## Problem statement
Nothing outside the range is to be copied. From the entries below, reproduce exactly the lines starting at the one with "VstepOffTime = 100" and ending at the one with "Transfer function G_1(s) : Subsystem", without pictures.
#### Data for this exercise
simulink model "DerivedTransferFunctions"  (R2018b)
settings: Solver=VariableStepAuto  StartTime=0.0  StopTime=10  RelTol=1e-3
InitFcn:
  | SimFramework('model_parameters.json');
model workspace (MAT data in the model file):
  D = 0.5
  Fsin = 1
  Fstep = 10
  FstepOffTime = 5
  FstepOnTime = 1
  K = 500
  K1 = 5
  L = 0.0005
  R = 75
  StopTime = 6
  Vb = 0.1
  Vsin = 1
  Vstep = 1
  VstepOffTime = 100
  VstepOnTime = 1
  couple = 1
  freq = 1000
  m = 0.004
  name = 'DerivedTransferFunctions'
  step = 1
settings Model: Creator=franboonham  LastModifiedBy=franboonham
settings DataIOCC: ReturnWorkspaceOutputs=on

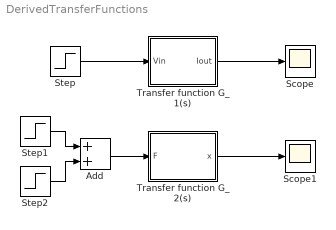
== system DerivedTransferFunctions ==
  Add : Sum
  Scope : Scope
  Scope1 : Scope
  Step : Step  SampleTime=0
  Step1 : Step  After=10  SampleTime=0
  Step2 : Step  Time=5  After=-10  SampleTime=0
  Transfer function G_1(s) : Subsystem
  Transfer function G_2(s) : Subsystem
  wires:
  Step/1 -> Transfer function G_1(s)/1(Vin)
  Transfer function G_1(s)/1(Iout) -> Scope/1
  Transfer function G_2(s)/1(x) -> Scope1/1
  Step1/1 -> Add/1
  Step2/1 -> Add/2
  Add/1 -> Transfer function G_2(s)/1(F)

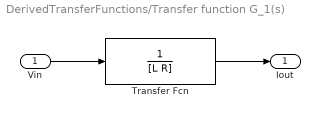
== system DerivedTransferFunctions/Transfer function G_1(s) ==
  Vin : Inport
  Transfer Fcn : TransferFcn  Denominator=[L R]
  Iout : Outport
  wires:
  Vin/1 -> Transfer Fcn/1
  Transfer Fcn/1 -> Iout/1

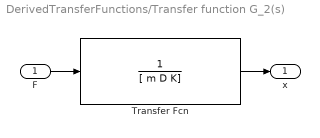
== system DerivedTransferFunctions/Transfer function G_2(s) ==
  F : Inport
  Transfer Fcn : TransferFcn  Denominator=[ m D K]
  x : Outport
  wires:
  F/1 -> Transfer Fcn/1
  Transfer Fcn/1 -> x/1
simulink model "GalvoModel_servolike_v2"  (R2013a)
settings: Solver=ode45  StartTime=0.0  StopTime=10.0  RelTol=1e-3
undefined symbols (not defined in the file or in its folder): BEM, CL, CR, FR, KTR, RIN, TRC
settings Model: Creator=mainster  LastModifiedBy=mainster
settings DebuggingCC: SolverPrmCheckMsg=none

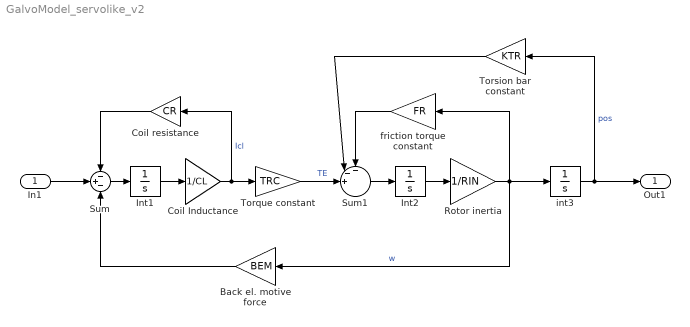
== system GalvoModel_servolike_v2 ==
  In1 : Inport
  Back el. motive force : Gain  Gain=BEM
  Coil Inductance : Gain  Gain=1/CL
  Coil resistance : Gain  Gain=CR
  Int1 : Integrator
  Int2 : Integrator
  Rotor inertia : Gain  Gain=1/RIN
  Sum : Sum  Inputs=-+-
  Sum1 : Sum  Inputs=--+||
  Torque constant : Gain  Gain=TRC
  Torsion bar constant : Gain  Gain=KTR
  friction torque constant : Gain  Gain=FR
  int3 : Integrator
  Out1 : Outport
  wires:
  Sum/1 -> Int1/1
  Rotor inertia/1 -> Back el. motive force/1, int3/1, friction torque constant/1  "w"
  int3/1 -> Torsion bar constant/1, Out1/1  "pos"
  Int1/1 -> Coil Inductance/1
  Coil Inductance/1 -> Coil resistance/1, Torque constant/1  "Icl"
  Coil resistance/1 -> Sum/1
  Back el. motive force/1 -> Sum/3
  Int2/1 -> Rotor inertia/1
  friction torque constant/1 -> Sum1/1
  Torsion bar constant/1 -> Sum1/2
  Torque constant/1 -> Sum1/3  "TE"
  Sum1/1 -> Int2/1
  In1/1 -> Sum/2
########
## Written solution
  VstepOffTime = 100
  VstepOnTime = 1
  couple = 1
  freq = 1000
  m = 0.004
  name = 'DerivedTransferFunctions'
  step = 1
settings Model: Creator=franboonham  LastModifiedBy=franboonham
settings DataIOCC: ReturnWorkspaceOutputs=on

== system DerivedTransferFunctions ==
  Add : Sum
  Scope : Scope
  Scope1 : Scope
  Step : Step  SampleTime=0
  Step1 : Step  After=10  SampleTime=0
  Step2 : Step  Time=5  After=-10  SampleTime=0
  Transfer function G_1(s) : Subsystem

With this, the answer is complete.